Contrario al estatismo apocalíptico y a los oráculos
de un destino inexorable, la profecía es una anticipación condicional, significada
por el oulai (« si »)
hebreo. Esta busca desviar la trayectoria catastrófica, a conjurar lo peor, a mantener abierto
el abanico de las posibilidades, en pocas palabras, es un llamado estratégico a la acción. Según Daniel, hay profecía en cada
gran aventura humana, amorosa, estética o revolucionaria.
Entre
todas las “herejías” de Daniel Bensaïd, es decir, sus contribuciones a la
renovación del marxismo, la más importante, en mi opinión, es su ruptura
radical con el cientismo, el positivismo y el determinismo que impregnaron
profundamente el marxismo “ortodoxo”, especialmente en toda Francia.

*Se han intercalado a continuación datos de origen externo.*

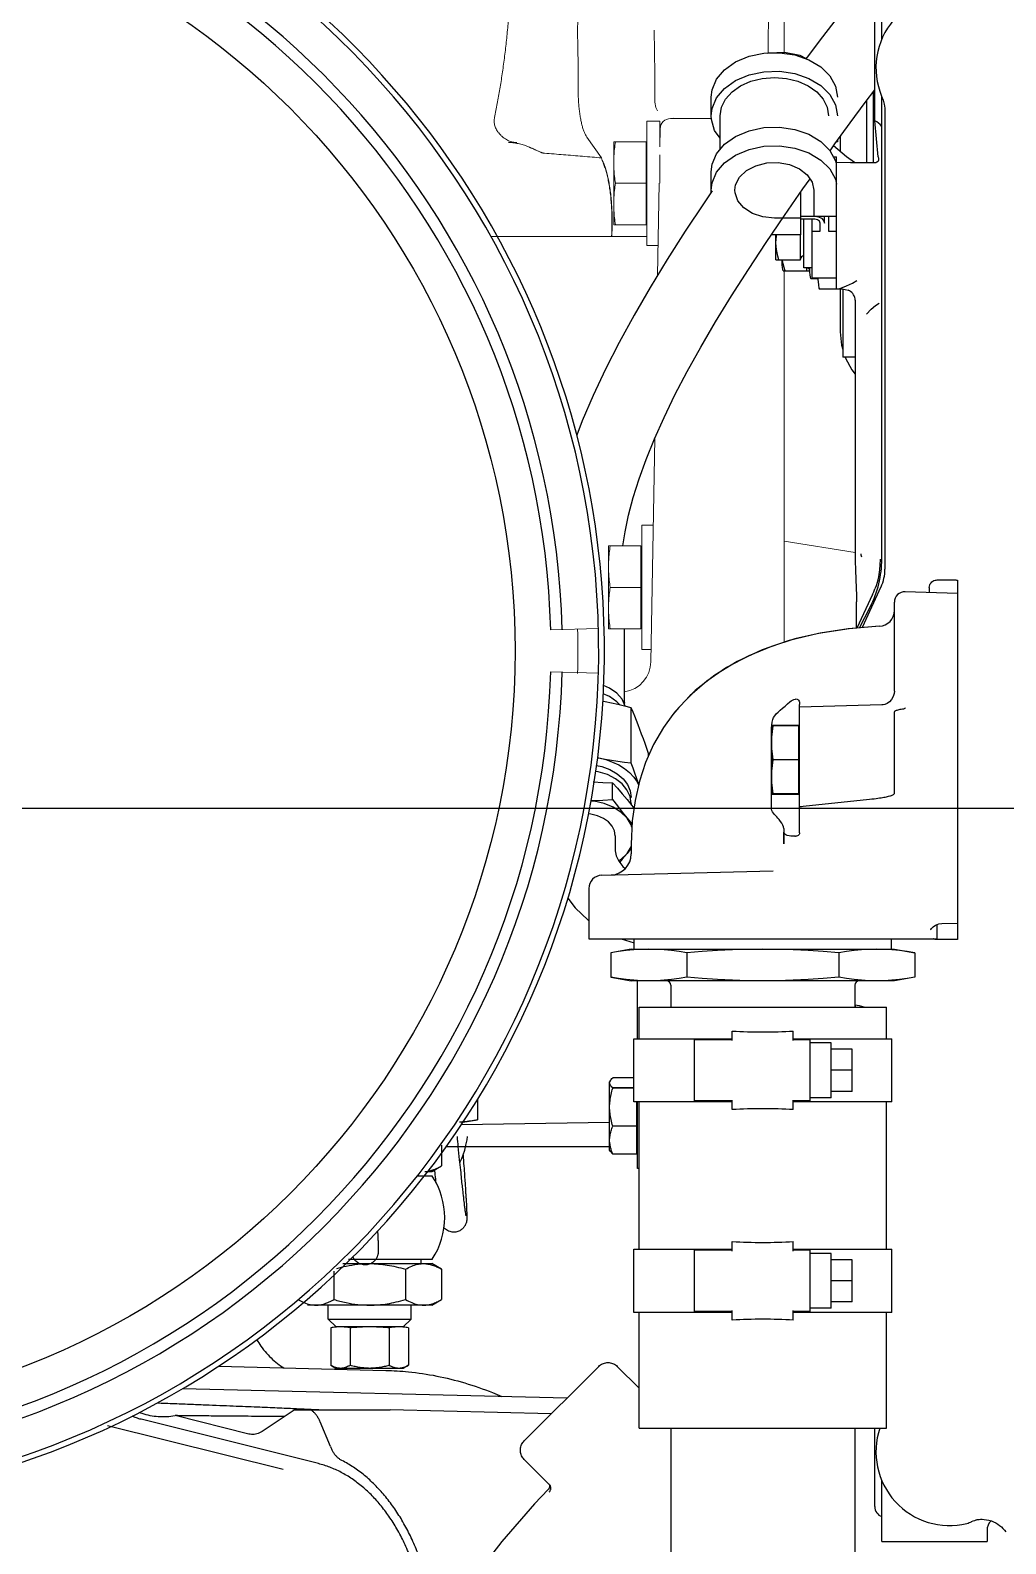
# Model space of a CAD drawing. Header units: millimetres. Extents: x 156850 to 204135, y 56350 to 74150.
# Drawn here: x 158133.6 to 158319, y 62657.6 to 62945.1 of the extents above; entities that cross this region are included whole.
import ezdxf

# ---------------------------------------------------------------- set-up
doc = ezdxf.new("R2010")
doc.units = ezdxf.units.MM
doc.header["$LTSCALE"] = 150
doc.layers.add('-----33 Equipment', color=5, linetype='Continuous')

# ---------------------------------------------------------------- blocks, each defined once
blk = doc.blocks.new('X-2F-PLAN$0$A$C06323131')
at = {"color": 0, "linetype": 'Continuous'}
for p, q in [((-16.104, 42.303), (-16.104, 43.248)), ((-16.562, 43.071), (-16.585, 43.031)), ((-16.585, 42.52), (-16.585, 43.031)), ((-16.277, 43.071), (-16.562, 43.071)), ((-16.27, 43.031), (-16.211, 43.091)), ((-16.27, 42.52), (-16.27, 43.031)), ((-16.211, 43.091), (-16.104, 43.091)), ((-16.211, 43.091), (-16.211, 42.461)), ((-15.846, 43.048), (-16.062, 43.048)), ((-16.277, 42.923), (-16.562, 42.923)), ((-15.789, 42.979), (-15.789, 42.303)), ((-15.754, 42.936), (-15.754, 42.299)), ((-16.277, 42.628), (-16.562, 42.628)), ((-16.562, 42.48), (-16.585, 42.52)), ((-16.277, 42.48), (-16.562, 42.48)), ((-16.27, 42.52), (-16.211, 42.461)), ((-16.211, 42.461), (-16.104, 42.461)), ((-15.832, 42.503), (-16.062, 42.503)), ((-15.789, 42.384), (-15.754, 42.384)), ((-15.124, 42.299), (-15.124, 42.414)), ((-15.089, 42.357), (-15.089, 42.303)), ((-16.104, 42.303), (-16.062, 42.23)), ((-15.832, 42.23), (-16.062, 42.23)), ((-15.832, 42.23), (-15.789, 42.303)), ((-15.089, 42.303), (-15.047, 42.23)), ((-15.086, 42.298), (-15.085, 42.281)), ((-14.888, 42.23), (-15.047, 42.23)), ((-14.715, 42.067), (-14.695, 41.957)), ((-14.536, 41.957), (-14.695, 41.957))]:
    blk.add_line(p, q, dxfattribs=at)
blk.add_lwpolyline([(-15.02, 42.089), (-15.016, 42.087), (-14.991, 42.075), (-14.961, 42.064), (-14.927, 42.053), (-14.889, 42.044), (-14.847, 42.035), (-14.823, 42.031)], dxfattribs=at)
blk.add_circle((-11.132, 47.5), 5.829, dxfattribs=at)
for centre, radius, start, end in [((-11.132, 47.5), 6.508, 17, 343), ((-11.132, 47.5), 6.465, 4, 356), ((-11.132, 47.5), 6.189, 181.5, 268.5), ((-11.132, 47.5), 6.102, 181.5, 268.5), ((-11.132, 47.5), 6.102, 271.5, 356), ((-11.132, 47.5), 6.189, 271.5, 356), ((-15.439, 42.776), 0.571, 236.4344, 303.5656)]:
    blk.add_arc(centre, radius, start, end, dxfattribs=at)
for points, start_tangent, end_tangent in [([(-16.064, 43.317), (-16.085, 43.274), (-16.1, 43.229), (-16.104, 43.185)], (-0.491852, -0.870679), (0, -1)), ([(-16.104, 43.185), (-16.102, 43.151), (-16.094, 43.118), (-16.08, 43.084), (-16.062, 43.048)], (0, -1), (0.5, -0.866025)), ([(-16.585, 42.997), (-16.583, 43.015), (-16.579, 43.033), (-16.572, 43.052), (-16.562, 43.071)], (0, 1), (0.5, 0.866025)), ([(-16.272, 43.034), (-16.274, 43.052), (-16.277, 43.071)], (-0.09681, 0.995303), (-0.173648, 0.984808)), ([(-16.271, 43.031), (-16.272, 43.034)], (-0.090592, 0.995888), (-0.09681, 0.995303)), ([(-16.27, 43.004), (-16.27, 43.016), (-16.271, 43.031)], (-0.018523, 0.999828), (-0.090592, 0.995888)), ([(-16.062, 43.048), (-16.085, 42.955), (-16.1, 42.865), (-16.104, 42.776)], (-0.27735, -0.960769), (0, -1)), ([(-15.825, 43.024), (-15.808, 42.955), (-15.794, 42.865), (-15.789, 42.776)], (0.259268, -0.965805), (0, -1)), ([(-16.562, 42.923), (-16.572, 42.943), (-16.579, 42.961), (-16.583, 42.979), (-16.585, 42.997)], (-0.5, 0.866025), (0, 1)), ([(-16.585, 42.776), (-16.583, 42.812), (-16.579, 42.848), (-16.572, 42.885), (-16.562, 42.923)], (0, 1), (0.27735, 0.960769)), ([(-16.277, 42.923), (-16.274, 42.942), (-16.272, 42.96), (-16.27, 42.979), (-16.27, 42.997)], (0.173648, 0.984808), (0, 1)), ([(-16.27, 42.776), (-16.27, 42.812), (-16.272, 42.849), (-16.274, 42.886), (-16.277, 42.923)], (0, 1), (-0.087823, 0.996136)), ([(-16.27, 42.997), (-16.27, 43.004)], (0, 1), (-0.018523, 0.999828)), ([(-16.562, 42.628), (-16.572, 42.666), (-16.579, 42.703), (-16.583, 42.739), (-16.585, 42.776)], (-0.27735, 0.960769), (0, 1)), ([(-16.277, 42.628), (-16.274, 42.665), (-16.272, 42.702), (-16.27, 42.739), (-16.27, 42.776)], (0.087823, 0.996136), (0, 1)), ([(-16.104, 42.776), (-16.102, 42.709), (-16.094, 42.642), (-16.08, 42.574), (-16.062, 42.503)], (0, -1), (0.27735, -0.960769)), ([(-15.789, 42.776), (-15.792, 42.709), (-15.8, 42.642), (-15.813, 42.574), (-15.832, 42.503)], (0, -1), (-0.27735, -0.960769)), ([(-16.585, 42.554), (-16.583, 42.572), (-16.579, 42.59), (-16.572, 42.609), (-16.562, 42.628)], (0, 1), (0.5, 0.866025)), ([(-16.27, 42.554), (-16.27, 42.572), (-16.272, 42.591), (-16.274, 42.609), (-16.277, 42.628)], (0, 1), (-0.173648, 0.984808)), ([(-16.58, 42.521), (-16.583, 42.536), (-16.585, 42.554)], (-0.277946, 0.960597), (0, 1)), ([(-16.579, 42.518), (-16.58, 42.521)], (-0.299751, 0.954017), (-0.277946, 0.960597)), ([(-16.562, 42.48), (-16.572, 42.499), (-16.579, 42.518)], (-0.5, 0.866025), (-0.299751, 0.954017)), ([(-16.277, 42.48), (-16.274, 42.499), (-16.272, 42.517)], (0.173648, 0.984808), (0.096795, 0.995304)), ([(-16.272, 42.517), (-16.271, 42.52)], (0.096795, 0.995304), (0.090592, 0.995888)), ([(-16.271, 42.52), (-16.27, 42.536), (-16.27, 42.547)], (0.090592, 0.995888), (0.018523, 0.999828)), ([(-16.27, 42.547), (-16.27, 42.554)], (0.018523, 0.999828), (0, 1)), ([(-16.062, 42.503), (-16.085, 42.456), (-16.1, 42.411), (-16.104, 42.366)], (-0.5, -0.866025), (0, -1)), ([(-15.832, 42.503), (-15.808, 42.456), (-15.794, 42.411), (-15.79, 42.384)], (0.5, -0.866025), (0.08453, -0.996421)), ([(-16.104, 42.366), (-16.102, 42.333), (-16.094, 42.3), (-16.08, 42.265), (-16.062, 42.23)], (0, -1), (0.5, -0.866025)), ([(-15.789, 42.366), (-15.792, 42.333), (-15.8, 42.3), (-15.813, 42.265), (-15.832, 42.23)], (0, -1), (-0.5, -0.866025)), ([(-15.79, 42.384), (-15.789, 42.366)], (0.08453, -0.996421), (0, -1)), ([(-15.089, 42.357), (-15.085, 42.326), (-15.076, 42.295), (-15.064, 42.263), (-15.047, 42.23)], (0.044786, -0.998997), (0.5, -0.866025)), ([(-15.178, 42.271), (-15.163, 42.272), (-15.098, 42.279), (-15.076, 42.282)], (0.994413, 0.105561), (0.994719, 0.102632)), ([(-15.55, 42.129), (-15.55, 42.13), (-15.549, 42.148), (-15.546, 42.165), (-15.538, 42.185), (-15.528, 42.199), (-15.517, 42.211), (-15.515, 42.212)], (-0.086125, 0.996284), (0.760938, 0.648824)), ([(-14.966, 42.066), (-15.008, 42.063), (-15.086, 42.057), (-15.149, 42.053), (-15.201, 42.049), (-15.244, 42.047), (-15.28, 42.044), (-15.309, 42.043), (-15.333, 42.041), (-15.353, 42.04), (-15.37, 42.039), (-15.384, 42.039), (-15.396, 42.038), (-15.406, 42.038), (-15.414, 42.038), (-15.421, 42.037), (-15.427, 42.037), (-15.433, 42.037), (-15.437, 42.037), (-15.442, 42.037), (-15.445, 42.037), (-15.449, 42.038), (-15.453, 42.038), (-15.456, 42.038), (-15.46, 42.038), (-15.465, 42.039), (-15.47, 42.04), (-15.476, 42.041), (-15.484, 42.044), (-15.491, 42.047), (-15.5, 42.051), (-15.509, 42.057), (-15.52, 42.066), (-15.528, 42.075), (-15.535, 42.085), (-15.542, 42.098), (-15.547, 42.113), (-15.55, 42.129)], (-0.997447, -0.071412), (-0.086125, 0.996284)), ([(-15.423, 42.043), (-15.424, 42.043), (-15.423, 42.044), (-15.421, 42.044), (-15.419, 42.044), (-15.415, 42.045), (-15.411, 42.045), (-15.405, 42.046), (-15.398, 42.047), (-15.39, 42.049), (-15.379, 42.05), (-15.366, 42.052), (-15.35, 42.054), (-15.33, 42.056), (-15.306, 42.059), (-15.277, 42.062), (-15.241, 42.066), (-15.198, 42.071), (-15.145, 42.077), (-15.079, 42.083), (-14.999, 42.092), (-14.899, 42.102), (-14.823, 42.109)], (-0.972491, -0.232939), (0.995108, 0.098789)), ([(-14.712, 42.094), (-14.71, 42.067)], (0.06655, -0.997783), (0.090592, -0.995888)), ([(-14.71, 42.067), (-14.71, 42.06)], (0.090592, -0.995888), (0.096844, -0.9953)), ([(-14.71, 42.06), (-14.703, 42.009), (-14.695, 41.957)], (0.096844, -0.9953), (0.173648, -0.984808))]:
    blk.add_spline(points, degree=3, dxfattribs=dict(at, start_tangent=start_tangent, end_tangent=end_tangent))
blk = doc.blocks.new('X-2F-PLAN$0$1')
at = {"color": 0, "linetype": 'Continuous', "lineweight": 0}
for p, q in [((3678.55, 3293.43), (3678.55, 3263.92)), ((3595.58, 3273.13), (3595.82, 3282.18)), ((3604.04, 3273.13), (3603.8, 3282.18)), ((3697.43, 3275.33), (3693.46, 3272.51)), ((3603.99, 3271.2), (3619.74, 3271.2)), ((3603.99, 3265.05), (3603.99, 3271.2)), ((3611.87, 3265.05), (3611.87, 3270.88)), ((3619.74, 3265.05), (3619.74, 3271.2)), ((3680.76, 3270.22), (3696.51, 3270.22)), ((3680.76, 3264.07), (3680.76, 3270.22)), ((3688.64, 3264.07), (3688.64, 3269.89)), ((3696.51, 3264.07), (3696.51, 3270.22)), ((3623.68, 3264.9), (3600.06, 3264.9)), ((3600.06, 3264.9), (3600.06, 3263.13)), ((3603.99, 3265.05), (3619.74, 3265.05)), ((3604.67, 3264.9), (3604.52, 3265.05)), ((3619.07, 3264.9), (3619.21, 3265.05)), ((3623.68, 3264.9), (3623.68, 3262.71)), ((3700.45, 3263.92), (3676.83, 3263.92)), ((3676.83, 3263.92), (3676.83, 3261.79)), ((3680.76, 3264.07), (3696.51, 3264.07)), ((3681.44, 3263.92), (3681.29, 3264.07)), ((3695.84, 3263.92), (3695.99, 3264.07)), ((3700.45, 3263.92), (3700.45, 3261.46)), ((3597.74, 3263.17), (3640.16, 3262.43)), ((3671.15, 3261.89), (3688.64, 3261.58)), ((3694.05, 3261.46), (3688.64, 3261.46)), ((3700.45, 3261.46), (3695.57, 3261.46)), ((3695.57, 3261.46), (3699.01, 3261.4)), ((3702.42, 3261.87), (3702.42, 3261.87)), ((3704.06, 3262.39), (3704.06, 3262.39)), ((3717.73, 3262.52), (3717.73, 3262.52)), ((3700.94, 3259.43), (3700.94, 3251.66)), ((3700.94, 3258.93), (3701.03, 3259)), ((3601.42, 3237.84), (3672.01, 3237.84)), ((3618.5, 3224.35), (3620.67, 3237.84)), ((3713.33, 3237.84), (3772.3, 3237.84))]:
    blk.add_line(p, q, dxfattribs=at)
for points in [[(3702.42, 3261.87), (3702.54, 3261.96), (3702.77, 3262.08), (3703.05, 3262.2), (3703.39, 3262.3), (3703.77, 3262.37), (3704.06, 3262.39)], [(3704.06, 3262.39), (3704.45, 3262.4), (3705.2, 3262.4)], [(3705.2, 3262.4), (3709.36, 3262.39), (3713.67, 3262.44), (3717.73, 3262.52)], [(3713.39, 3240.87), (3715.8, 3240.85), (3720.06, 3240.82), (3724.27, 3240.81), (3728.27, 3240.8)]]:
    blk.add_lwpolyline(points, dxfattribs=at)
for centre, radius, start, end in [((3599.81, 3434.69), 157.66, 268.4387, 271.5086), ((3597.84, 3269.07), 5.91, 188.8029, 269), ((3698.97, 3259.43), 1.97, 0, 89)]:
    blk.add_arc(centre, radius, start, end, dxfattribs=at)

Uno de sus últimos escritos fue
una larga introducción a los escritos de Marx sobre la Comuna - una brillante y enérgica defensa e
ilustración de lo político como pensamiento estratégico revolucionario. La Doxa oficial pretende que no hay
pensamiento político en Marx, dado que su teoría se resume al determinismo
político. Ahora bien, la lectura de sus escritos políticos, especialmente la
secuencia de las Luchas de clase en
Francia, el 18 de Brumario de Luis Bonaparte y La guerra civil en Francia 1871
muestra por el contrario, una lectura estratégica de los eventos que toman en
cuenta la temporalidad de su propia política, a las antípodas del tiempo mecánico
del reloj y del calendario. El tiempo de las revoluciones -no lineal y
abreviado, en el cual se superponen las tareas del pasado, del presente y del
futuro - está abierto a la contingencia.
La
interpretación de Marx por Daniel sin
duda está influenciada por Walter Benjamin y por las polémicas
anti-positivistas de Blanqui, dos pensadores revolucionarios a los cuales rinde
un gran homenaje.Auguste Blanqui es una referencia importante en este enfoque crítico.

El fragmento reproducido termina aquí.